Still, when you consider, for instance, the Naipaul inventions (in Miguel Street) – Hat, Titus Hoyt, Bhakcu and Eddoes – Monar’s village folk sound as if they’d walked straight off a punt trench dam onto the author’s page. Which is saying, there is more to the process of character creation and the short story form than just rushing narrative and creole intensity.

In the Booker sugar estate days of the 60s (where these stories are set) when folk creativity helped stoke anticolonial fires, fiction like this gave cause for awards and celebration (In this collection one story is dedicated to our pioneer folklorist Wordsworth Mac Andrew). Monar’s fiction may have emerged too late for Guyana Prize awards, though his work received a special Judges’ Prize in 1987. And Janjhat will be valued as his remarkable breakthrough Guyanese novel.

But new territory is already laid out and waiting for Monar’s attention. Up from the estate canefields more of his Indians have moved through the villages to new uneasy residence in the city, where they dispense political patronage and must “look outward”, share residential space and intermingle with non-Indian creoles and strangers. Life for many in the city (depending on the rains, the visa hunt) feels saturated with sullen & resentful arse-catching. Add to that political skullduggery, abrasive public manners and flourishing careers in banditry & river piracy and there’s enough material to engage the ingenuity of any writer.

Edgar Mittelholzer and Jan Carew once worked like porknockers in similar areas of human scramble & depredation.
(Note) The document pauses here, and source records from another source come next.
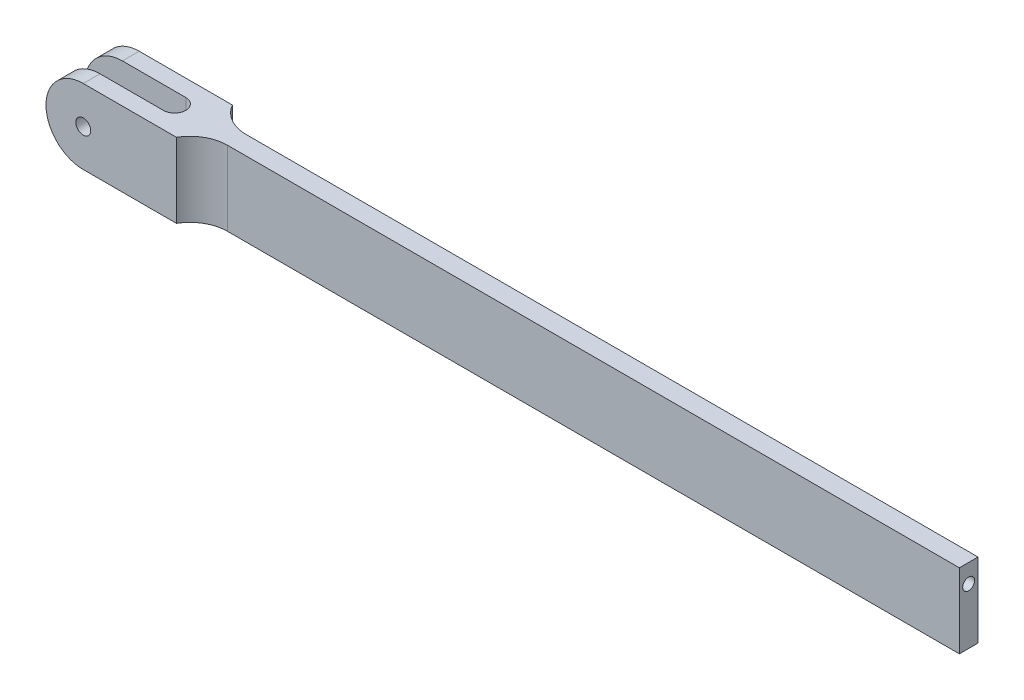
ISO-10303-21;
HEADER;
FILE_DESCRIPTION(('STEP AP214'),'2;1');
FILE_NAME('part.step','',(''),(''),'','','');
FILE_SCHEMA(('AUTOMOTIVE_DESIGN { 1 0 10303 214 1 1 1 1 }'));
ENDSEC;
DATA;
#1=APPLICATION_CONTEXT('core data for automotive mechanical design processes');
#2=APPLICATION_PROTOCOL_DEFINITION('international standard','automotive_design',2000,#1);
#3=PRODUCT_CONTEXT('',#1,'mechanical');
#4=PRODUCT('Part','Part','',(#3));
#5=PRODUCT_RELATED_PRODUCT_CATEGORY('part','',(#4));
#6=PRODUCT_DEFINITION_FORMATION('','',#4);
#7=PRODUCT_DEFINITION_CONTEXT('part definition',#1,'design');
#8=PRODUCT_DEFINITION('design','',#6,#7);
#9=PRODUCT_DEFINITION_SHAPE('','',#8);
#10=(LENGTH_UNIT() NAMED_UNIT(*) SI_UNIT(.MILLI.,.METRE.));
#11=(NAMED_UNIT(*) PLANE_ANGLE_UNIT() SI_UNIT($,.RADIAN.));
#12=(NAMED_UNIT(*) SI_UNIT($,.STERADIAN.) SOLID_ANGLE_UNIT());
#13=UNCERTAINTY_MEASURE_WITH_UNIT(LENGTH_MEASURE(1.E-05),#10,'distance_accuracy_value','');
#14=(GEOMETRIC_REPRESENTATION_CONTEXT(3) GLOBAL_UNCERTAINTY_ASSIGNED_CONTEXT((#13)) GLOBAL_UNIT_ASSIGNED_CONTEXT((#10,
#11,#12)) REPRESENTATION_CONTEXT('',''));
#15=CARTESIAN_POINT('',(0.,0.,0.));
#16=DIRECTION('',(0.,0.,1.));
#17=DIRECTION('',(1.,0.,0.));
#18=AXIS2_PLACEMENT_3D('',#15,#16,#17);
#19=CARTESIAN_POINT('',(0.,0.,5.));
#20=DIRECTION('',(0.,0.,-1.));
#21=DIRECTION('',(-1.,0.,0.));
#22=AXIS2_PLACEMENT_3D('',#19,#20,#21);
#23=CYLINDRICAL_SURFACE('',#22,10.);
#24=DIRECTION('',(0.,0.,-1.));
#25=VECTOR('',#24,1.);
#26=CARTESIAN_POINT('',(0.,10.,5.));
#27=LINE('',#26,#25);
#28=CARTESIAN_POINT('',(0.,10.,10.));
#29=VERTEX_POINT('',#28);
#30=CARTESIAN_POINT('',(0.,10.,5.5));
#31=VERTEX_POINT('',#30);
#32=EDGE_CURVE('E159',#29,#31,#27,.T.);
#33=ORIENTED_EDGE('',*,*,#32,.T.);
#34=CARTESIAN_POINT('',(0.,0.,5.5));
#35=DIRECTION('',(0.,0.,1.));
#36=DIRECTION('',(1.,0.,0.));
#37=AXIS2_PLACEMENT_3D('',#34,#35,#36);
#38=CIRCLE('',#37,10.);
#39=CARTESIAN_POINT('',(0.,-10.,5.5));
#40=VERTEX_POINT('',#39);
#41=EDGE_CURVE('E187',#31,#40,#38,.T.);
#42=ORIENTED_EDGE('',*,*,#41,.T.);
#43=DIRECTION('',(0.,0.,-1.));
#44=VECTOR('',#43,1.);
#45=CARTESIAN_POINT('',(0.,-10.,5.));
#46=LINE('',#45,#44);
#47=CARTESIAN_POINT('',(0.,-10.,10.));
#48=VERTEX_POINT('',#47);
#49=EDGE_CURVE('E177',#48,#40,#46,.T.);
#50=ORIENTED_EDGE('',*,*,#49,.F.);
#51=CARTESIAN_POINT('',(0.,0.,10.));
#52=DIRECTION('',(0.,0.,1.));
#53=DIRECTION('',(1.,0.,0.));
#54=AXIS2_PLACEMENT_3D('',#51,#52,#53);
#55=CIRCLE('',#54,10.);
#56=EDGE_CURVE('E234',#29,#48,#55,.T.);
#57=ORIENTED_EDGE('',*,*,#56,.F.);
#58=EDGE_LOOP('',(#33,#42,#50,#57));
#59=FACE_BOUND('',#58,.T.);
#60=ADVANCED_FACE('F41',(#59),#23,.T.);
#61=CARTESIAN_POINT('',(0.,10.,5.));
#62=DIRECTION('',(0.,-1.,0.));
#63=DIRECTION('',(1.,0.,0.));
#64=AXIS2_PLACEMENT_3D('',#61,#62,#63);
#65=PLANE('',#64);
#66=CARTESIAN_POINT('',(17.,10.,2.5));
#67=DIRECTION('',(0.,-1.,0.));
#68=DIRECTION('',(1.,0.,0.));
#69=AXIS2_PLACEMENT_3D('',#66,#67,#68);
#70=CIRCLE('',#69,3.);
#71=CARTESIAN_POINT('',(17.,10.,-0.5));
#72=VERTEX_POINT('',#71);
#73=CARTESIAN_POINT('',(20.,10.,2.5));
#74=VERTEX_POINT('',#73);
#75=EDGE_CURVE('E63',#72,#74,#70,.T.);
#76=ORIENTED_EDGE('',*,*,#75,.T.);
#77=CARTESIAN_POINT('',(17.,10.,2.5));
#78=DIRECTION('',(0.,-1.,0.));
#79=DIRECTION('',(1.,0.,0.));
#80=AXIS2_PLACEMENT_3D('',#77,#78,#79);
#81=CIRCLE('',#80,3.);
#82=CARTESIAN_POINT('',(17.,10.,5.5));
#83=VERTEX_POINT('',#82);
#84=EDGE_CURVE('E49',#74,#83,#81,.T.);
#85=ORIENTED_EDGE('',*,*,#84,.T.);
#86=DIRECTION('',(1.,0.,0.));
#87=VECTOR('',#86,1.);
#88=CARTESIAN_POINT('',(-20.,10.,5.5));
#89=LINE('',#88,#87);
#90=EDGE_CURVE('E144',#31,#83,#89,.T.);
#91=ORIENTED_EDGE('',*,*,#90,.F.);
#92=ORIENTED_EDGE('',*,*,#32,.F.);
#93=DIRECTION('',(-1.,0.,0.));
#94=VECTOR('',#93,1.);
#95=CARTESIAN_POINT('',(0.,10.,10.));
#96=LINE('',#95,#94);
#97=CARTESIAN_POINT('',(25.,10.,10.));
#98=VERTEX_POINT('',#97);
#99=EDGE_CURVE('E226',#98,#29,#96,.T.);
#100=ORIENTED_EDGE('',*,*,#99,.F.);
#101=CARTESIAN_POINT('',(33.6602540378444,10.,15.));
#102=DIRECTION('',(0.,-1.,0.));
#103=DIRECTION('',(1.,0.,0.));
#104=AXIS2_PLACEMENT_3D('',#101,#102,#103);
#105=CIRCLE('',#104,10.);
#106=CARTESIAN_POINT('',(33.6602540378444,10.,5.));
#107=VERTEX_POINT('',#106);
#108=EDGE_CURVE('E194',#98,#107,#105,.T.);
#109=ORIENTED_EDGE('',*,*,#108,.T.);
#110=DIRECTION('',(-1.,0.,0.));
#111=VECTOR('',#110,1.);
#112=CARTESIAN_POINT('',(0.,10.,5.));
#113=LINE('',#112,#111);
#114=CARTESIAN_POINT('',(230.,10.,5.));
#115=VERTEX_POINT('',#114);
#116=EDGE_CURVE('E161',#115,#107,#113,.T.);
#117=ORIENTED_EDGE('',*,*,#116,.F.);
#118=DIRECTION('',(0.,0.,-1.));
#119=VECTOR('',#118,1.);
#120=CARTESIAN_POINT('',(230.,10.,5.));
#121=LINE('',#120,#119);
#122=CARTESIAN_POINT('',(230.,10.,0.));
#123=VERTEX_POINT('',#122);
#124=EDGE_CURVE('E163',#115,#123,#121,.T.);
#125=ORIENTED_EDGE('',*,*,#124,.T.);
#126=DIRECTION('',(-1.,0.,0.));
#127=VECTOR('',#126,1.);
#128=CARTESIAN_POINT('',(0.,10.,0.));
#129=LINE('',#128,#127);
#130=CARTESIAN_POINT('',(33.6602540378444,10.,0.));
#131=VERTEX_POINT('',#130);
#132=EDGE_CURVE('E168',#123,#131,#129,.T.);
#133=ORIENTED_EDGE('',*,*,#132,.T.);
#134=CARTESIAN_POINT('',(33.6602540378444,10.,-10.));
#135=DIRECTION('',(0.,-1.,0.));
#136=DIRECTION('',(1.,0.,0.));
#137=AXIS2_PLACEMENT_3D('',#134,#135,#136);
#138=CIRCLE('',#137,10.);
#139=CARTESIAN_POINT('',(25.,10.,-5.));
#140=VERTEX_POINT('',#139);
#141=EDGE_CURVE('E197',#131,#140,#138,.T.);
#142=ORIENTED_EDGE('',*,*,#141,.T.);
#143=DIRECTION('',(-1.,0.,0.));
#144=VECTOR('',#143,1.);
#145=CARTESIAN_POINT('',(0.,10.,-5.));
#146=LINE('',#145,#144);
#147=CARTESIAN_POINT('',(0.,10.,-5.));
#148=VERTEX_POINT('',#147);
#149=EDGE_CURVE('E157',#140,#148,#146,.T.);
#150=ORIENTED_EDGE('',*,*,#149,.T.);
#151=CARTESIAN_POINT('',(0.,10.,-0.5));
#152=VERTEX_POINT('',#151);
#153=EDGE_CURVE('E147',#152,#148,#27,.T.);
#154=ORIENTED_EDGE('',*,*,#153,.F.);
#155=DIRECTION('',(-1.,0.,0.));
#156=VECTOR('',#155,1.);
#157=CARTESIAN_POINT('',(-20.,10.,-0.5));
#158=LINE('',#157,#156);
#159=EDGE_CURVE('E136',#72,#152,#158,.T.);
#160=ORIENTED_EDGE('',*,*,#159,.F.);
#161=EDGE_LOOP('',(#76,#85,#91,#92,#100,#109,#117,#125,#133,#142,#150,#154,#160));
#162=FACE_BOUND('',#161,.T.);
#163=ADVANCED_FACE('F160',(#162),#65,.F.);
#164=CARTESIAN_POINT('',(0.,0.,5.));
#165=DIRECTION('',(0.,0.,-1.));
#166=DIRECTION('',(-1.,0.,0.));
#167=AXIS2_PLACEMENT_3D('',#164,#165,#166);
#168=CYLINDRICAL_SURFACE('',#167,2.);
#169=CARTESIAN_POINT('',(0.,0.,5.5));
#170=DIRECTION('',(0.,0.,1.));
#171=DIRECTION('',(1.,0.,0.));
#172=AXIS2_PLACEMENT_3D('',#169,#170,#171);
#173=CIRCLE('',#172,2.);
#174=CARTESIAN_POINT('',(2.,0.,5.5));
#175=VERTEX_POINT('',#174);
#176=EDGE_CURVE('E153',#175,#175,#173,.T.);
#177=ORIENTED_EDGE('',*,*,#176,.F.);
#178=EDGE_LOOP('',(#177));
#179=FACE_BOUND('',#178,.T.);
#180=CARTESIAN_POINT('',(0.,0.,10.));
#181=DIRECTION('',(0.,0.,1.));
#182=DIRECTION('',(1.,0.,0.));
#183=AXIS2_PLACEMENT_3D('',#180,#181,#182);
#184=CIRCLE('',#183,2.);
#185=CARTESIAN_POINT('',(2.,0.,10.));
#186=VERTEX_POINT('',#185);
#187=EDGE_CURVE('E239',#186,#186,#184,.F.);
#188=ORIENTED_EDGE('',*,*,#187,.F.);
#189=EDGE_LOOP('',(#188));
#190=FACE_BOUND('',#189,.T.);
#191=ADVANCED_FACE('F287',(#179,#190),#168,.F.);
#192=CARTESIAN_POINT('',(0.,0.,5.));
#193=DIRECTION('',(0.,0.,1.));
#194=DIRECTION('',(1.,0.,0.));
#195=AXIS2_PLACEMENT_3D('',#192,#193,#194);
#196=PLANE('',#195);
#197=ORIENTED_EDGE('',*,*,#116,.T.);
#198=DIRECTION('',(0.,-1.,0.));
#199=VECTOR('',#198,1.);
#200=CARTESIAN_POINT('',(33.6602540378444,-9.99999999999999,5.));
#201=LINE('',#200,#199);
#202=CARTESIAN_POINT('',(33.6602540378444,-10.,5.));
#203=VERTEX_POINT('',#202);
#204=EDGE_CURVE('E180',#107,#203,#201,.T.);
#205=ORIENTED_EDGE('',*,*,#204,.T.);
#206=DIRECTION('',(1.,0.,0.));
#207=VECTOR('',#206,1.);
#208=CARTESIAN_POINT('',(0.,-10.,5.));
#209=LINE('',#208,#207);
#210=CARTESIAN_POINT('',(230.,-9.99999999999997,5.));
#211=VERTEX_POINT('',#210);
#212=EDGE_CURVE('E254',#203,#211,#209,.T.);
#213=ORIENTED_EDGE('',*,*,#212,.T.);
#214=DIRECTION('',(0.,1.,0.));
#215=VECTOR('',#214,1.);
#216=CARTESIAN_POINT('',(230.,10.,5.));
#217=LINE('',#216,#215);
#218=EDGE_CURVE('E167',#211,#115,#217,.T.);
#219=ORIENTED_EDGE('',*,*,#218,.T.);
#220=EDGE_LOOP('',(#197,#205,#213,#219));
#221=FACE_BOUND('',#220,.T.);
#222=ADVANCED_FACE('F276',(#221),#196,.T.);
#223=CARTESIAN_POINT('',(0.,0.,0.));
#224=DIRECTION('',(0.,0.,1.));
#225=DIRECTION('',(1.,0.,0.));
#226=AXIS2_PLACEMENT_3D('',#223,#224,#225);
#227=PLANE('',#226);
#228=DIRECTION('',(1.,0.,0.));
#229=VECTOR('',#228,1.);
#230=CARTESIAN_POINT('',(0.,-10.,0.));
#231=LINE('',#230,#229);
#232=CARTESIAN_POINT('',(33.6602540378444,-10.,0.));
#233=VERTEX_POINT('',#232);
#234=CARTESIAN_POINT('',(230.,-9.99999999999997,0.));
#235=VERTEX_POINT('',#234);
#236=EDGE_CURVE('E255',#233,#235,#231,.T.);
#237=ORIENTED_EDGE('',*,*,#236,.F.);
#238=DIRECTION('',(0.,1.,0.));
#239=VECTOR('',#238,1.);
#240=CARTESIAN_POINT('',(33.6602540378444,0.,0.));
#241=LINE('',#240,#239);
#242=EDGE_CURVE('E189',#233,#131,#241,.T.);
#243=ORIENTED_EDGE('',*,*,#242,.T.);
#244=ORIENTED_EDGE('',*,*,#132,.F.);
#245=DIRECTION('',(0.,1.,0.));
#246=VECTOR('',#245,1.);
#247=CARTESIAN_POINT('',(230.,10.,0.));
#248=LINE('',#247,#246);
#249=EDGE_CURVE('E256',#235,#123,#248,.T.);
#250=ORIENTED_EDGE('',*,*,#249,.F.);
#251=EDGE_LOOP('',(#237,#243,#244,#250));
#252=FACE_BOUND('',#251,.T.);
#253=ADVANCED_FACE('F280',(#252),#227,.F.);
#254=CARTESIAN_POINT('',(0.,-10.,-0.5));
#255=VERTEX_POINT('',#254);
#256=CARTESIAN_POINT('',(0.,-10.,-5.));
#257=VERTEX_POINT('',#256);
#258=EDGE_CURVE('E155',#255,#257,#46,.T.);
#259=ORIENTED_EDGE('',*,*,#258,.F.);
#260=CARTESIAN_POINT('',(0.,0.,-0.5));
#261=DIRECTION('',(0.,0.,-1.));
#262=DIRECTION('',(-1.,0.,0.));
#263=AXIS2_PLACEMENT_3D('',#260,#261,#262);
#264=CIRCLE('',#263,10.);
#265=EDGE_CURVE('E140',#255,#152,#264,.T.);
#266=ORIENTED_EDGE('',*,*,#265,.T.);
#267=ORIENTED_EDGE('',*,*,#153,.T.);
#268=CARTESIAN_POINT('',(0.,0.,-5.));
#269=DIRECTION('',(0.,0.,1.));
#270=DIRECTION('',(1.,0.,0.));
#271=AXIS2_PLACEMENT_3D('',#268,#269,#270);
#272=CIRCLE('',#271,10.);
#273=EDGE_CURVE('E246',#148,#257,#272,.T.);
#274=ORIENTED_EDGE('',*,*,#273,.T.);
#275=EDGE_LOOP('',(#259,#266,#267,#274));
#276=FACE_BOUND('',#275,.T.);
#277=ADVANCED_FACE('F146',(#276),#23,.T.);
#278=CARTESIAN_POINT('',(0.,-10.,5.));
#279=DIRECTION('',(0.,1.,0.));
#280=DIRECTION('',(-1.,0.,0.));
#281=AXIS2_PLACEMENT_3D('',#278,#279,#280);
#282=PLANE('',#281);
#283=ORIENTED_EDGE('',*,*,#49,.T.);
#284=DIRECTION('',(1.,0.,0.));
#285=VECTOR('',#284,1.);
#286=CARTESIAN_POINT('',(-20.,-10.,5.5));
#287=LINE('',#286,#285);
#288=CARTESIAN_POINT('',(17.,-10.,5.5));
#289=VERTEX_POINT('',#288);
#290=EDGE_CURVE('E181',#40,#289,#287,.T.);
#291=ORIENTED_EDGE('',*,*,#290,.T.);
#292=CARTESIAN_POINT('',(17.,-10.,2.5));
#293=DIRECTION('',(0.,1.,0.));
#294=DIRECTION('',(-1.,0.,0.));
#295=AXIS2_PLACEMENT_3D('',#292,#293,#294);
#296=CIRCLE('',#295,3.);
#297=CARTESIAN_POINT('',(20.,-10.,2.5));
#298=VERTEX_POINT('',#297);
#299=EDGE_CURVE('E11',#289,#298,#296,.T.);
#300=ORIENTED_EDGE('',*,*,#299,.T.);
#301=CARTESIAN_POINT('',(17.,-10.,2.5));
#302=DIRECTION('',(0.,1.,0.));
#303=DIRECTION('',(-1.,0.,0.));
#304=AXIS2_PLACEMENT_3D('',#301,#302,#303);
#305=CIRCLE('',#304,3.);
#306=CARTESIAN_POINT('',(17.,-10.,-0.5));
#307=VERTEX_POINT('',#306);
#308=EDGE_CURVE('E201',#298,#307,#305,.T.);
#309=ORIENTED_EDGE('',*,*,#308,.T.);
#310=DIRECTION('',(-1.,0.,0.));
#311=VECTOR('',#310,1.);
#312=CARTESIAN_POINT('',(-20.,-10.,-0.5));
#313=LINE('',#312,#311);
#314=EDGE_CURVE('E213',#307,#255,#313,.T.);
#315=ORIENTED_EDGE('',*,*,#314,.T.);
#316=ORIENTED_EDGE('',*,*,#258,.T.);
#317=DIRECTION('',(1.,0.,0.));
#318=VECTOR('',#317,1.);
#319=CARTESIAN_POINT('',(0.,-10.,-5.));
#320=LINE('',#319,#318);
#321=CARTESIAN_POINT('',(25.,-10.,-5.));
#322=VERTEX_POINT('',#321);
#323=EDGE_CURVE('E249',#257,#322,#320,.T.);
#324=ORIENTED_EDGE('',*,*,#323,.T.);
#325=CARTESIAN_POINT('',(33.6602540378444,-10.,-10.));
#326=DIRECTION('',(0.,1.,0.));
#327=DIRECTION('',(-1.,0.,0.));
#328=AXIS2_PLACEMENT_3D('',#325,#326,#327);
#329=CIRCLE('',#328,10.);
#330=EDGE_CURVE('E195',#322,#233,#329,.T.);
#331=ORIENTED_EDGE('',*,*,#330,.T.);
#332=ORIENTED_EDGE('',*,*,#236,.T.);
#333=DIRECTION('',(0.,0.,-1.));
#334=VECTOR('',#333,1.);
#335=CARTESIAN_POINT('',(230.,-9.99999999999997,5.));
#336=LINE('',#335,#334);
#337=EDGE_CURVE('E174',#211,#235,#336,.T.);
#338=ORIENTED_EDGE('',*,*,#337,.F.);
#339=ORIENTED_EDGE('',*,*,#212,.F.);
#340=CARTESIAN_POINT('',(33.6602540378444,-10.,15.));
#341=DIRECTION('',(0.,1.,0.));
#342=DIRECTION('',(-1.,0.,0.));
#343=AXIS2_PLACEMENT_3D('',#340,#341,#342);
#344=CIRCLE('',#343,10.);
#345=CARTESIAN_POINT('',(25.,-10.,10.));
#346=VERTEX_POINT('',#345);
#347=EDGE_CURVE('E191',#203,#346,#344,.T.);
#348=ORIENTED_EDGE('',*,*,#347,.T.);
#349=DIRECTION('',(1.,0.,0.));
#350=VECTOR('',#349,1.);
#351=CARTESIAN_POINT('',(0.,-10.,10.));
#352=LINE('',#351,#350);
#353=EDGE_CURVE('E237',#48,#346,#352,.T.);
#354=ORIENTED_EDGE('',*,*,#353,.F.);
#355=EDGE_LOOP('',(#283,#291,#300,#309,#315,#316,#324,#331,#332,#338,#339,#348,#354));
#356=FACE_BOUND('',#355,.T.);
#357=ADVANCED_FACE('F218',(#356),#282,.F.);
#358=CARTESIAN_POINT('',(230.,10.,5.));
#359=DIRECTION('',(-1.,0.,0.));
#360=DIRECTION('',(0.,0.,1.));
#361=AXIS2_PLACEMENT_3D('',#358,#359,#360);
#362=PLANE('',#361);
#363=CARTESIAN_POINT('',(230.,5.00000000000003,2.5));
#364=DIRECTION('',(1.,0.,0.));
#365=DIRECTION('',(0.,0.,-1.));
#366=AXIS2_PLACEMENT_3D('',#363,#364,#365);
#367=CIRCLE('',#366,1.6);
#368=CARTESIAN_POINT('',(230.,5.00000000000003,0.9));
#369=VERTEX_POINT('',#368);
#370=EDGE_CURVE('E224',#369,#369,#367,.T.);
#371=ORIENTED_EDGE('',*,*,#370,.F.);
#372=EDGE_LOOP('',(#371));
#373=FACE_BOUND('',#372,.T.);
#374=ORIENTED_EDGE('',*,*,#249,.T.);
#375=ORIENTED_EDGE('',*,*,#124,.F.);
#376=ORIENTED_EDGE('',*,*,#218,.F.);
#377=ORIENTED_EDGE('',*,*,#337,.T.);
#378=EDGE_LOOP('',(#374,#375,#376,#377));
#379=FACE_BOUND('',#378,.T.);
#380=ADVANCED_FACE('F344',(#373,#379),#362,.F.);
#381=CARTESIAN_POINT('',(0.,0.,-5.));
#382=DIRECTION('',(0.,0.,1.));
#383=DIRECTION('',(1.,0.,0.));
#384=AXIS2_PLACEMENT_3D('',#381,#382,#383);
#385=PLANE('',#384);
#386=DIRECTION('',(0.,-1.,0.));
#387=VECTOR('',#386,1.);
#388=CARTESIAN_POINT('',(25.,0.,-5.));
#389=LINE('',#388,#387);
#390=EDGE_CURVE('E245',#140,#322,#389,.T.);
#391=ORIENTED_EDGE('',*,*,#390,.T.);
#392=ORIENTED_EDGE('',*,*,#323,.F.);
#393=ORIENTED_EDGE('',*,*,#273,.F.);
#394=ORIENTED_EDGE('',*,*,#149,.F.);
#395=EDGE_LOOP('',(#391,#392,#393,#394));
#396=FACE_BOUND('',#395,.T.);
#397=CARTESIAN_POINT('',(0.,0.,-5.));
#398=DIRECTION('',(0.,0.,1.));
#399=DIRECTION('',(1.,0.,0.));
#400=AXIS2_PLACEMENT_3D('',#397,#398,#399);
#401=CIRCLE('',#400,2.);
#402=CARTESIAN_POINT('',(2.,0.,-5.));
#403=VERTEX_POINT('',#402);
#404=EDGE_CURVE('E253',#403,#403,#401,.F.);
#405=ORIENTED_EDGE('',*,*,#404,.F.);
#406=EDGE_LOOP('',(#405));
#407=FACE_BOUND('',#406,.T.);
#408=ADVANCED_FACE('F272',(#396,#407),#385,.F.);
#409=CARTESIAN_POINT('',(0.,0.,-0.5));
#410=DIRECTION('',(0.,0.,-1.));
#411=DIRECTION('',(-1.,0.,0.));
#412=AXIS2_PLACEMENT_3D('',#409,#410,#411);
#413=CIRCLE('',#412,2.);
#414=CARTESIAN_POINT('',(-2.,0.,-0.5));
#415=VERTEX_POINT('',#414);
#416=EDGE_CURVE('E152',#415,#415,#413,.T.);
#417=ORIENTED_EDGE('',*,*,#416,.F.);
#418=EDGE_LOOP('',(#417));
#419=FACE_BOUND('',#418,.T.);
#420=ORIENTED_EDGE('',*,*,#404,.T.);
#421=EDGE_LOOP('',(#420));
#422=FACE_BOUND('',#421,.T.);
#423=ADVANCED_FACE('F365',(#419,#422),#168,.F.);
#424=CARTESIAN_POINT('',(0.,0.,10.));
#425=DIRECTION('',(0.,0.,1.));
#426=DIRECTION('',(1.,0.,0.));
#427=AXIS2_PLACEMENT_3D('',#424,#425,#426);
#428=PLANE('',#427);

They’ve left us enduring literary models.
Too besides, screams of “Murda, murda” in the city and surrounding villages these days are like “Businessman Shot Dead” headlines, matters for our nation to be gravely concerned about.

Imagine, then, new literary forays into narco-crime fiction, or political-murder mysteries; or melodramas filled with the creole anguish of desperate G/town housewives. In this day and age, if serious literary fiction seems unwanted or must stay locked up overseas in institutions of higher reading, a second tier of well-crafted books could keep us pleasurably engaged. Writers with Monar’s storytelling talent would appear to have their work cut out for them.

Book Reviewed: High House and Radio: Rooplall Monar: Peepal Tree Press, England, 1991, 176 pgs. (w. w.)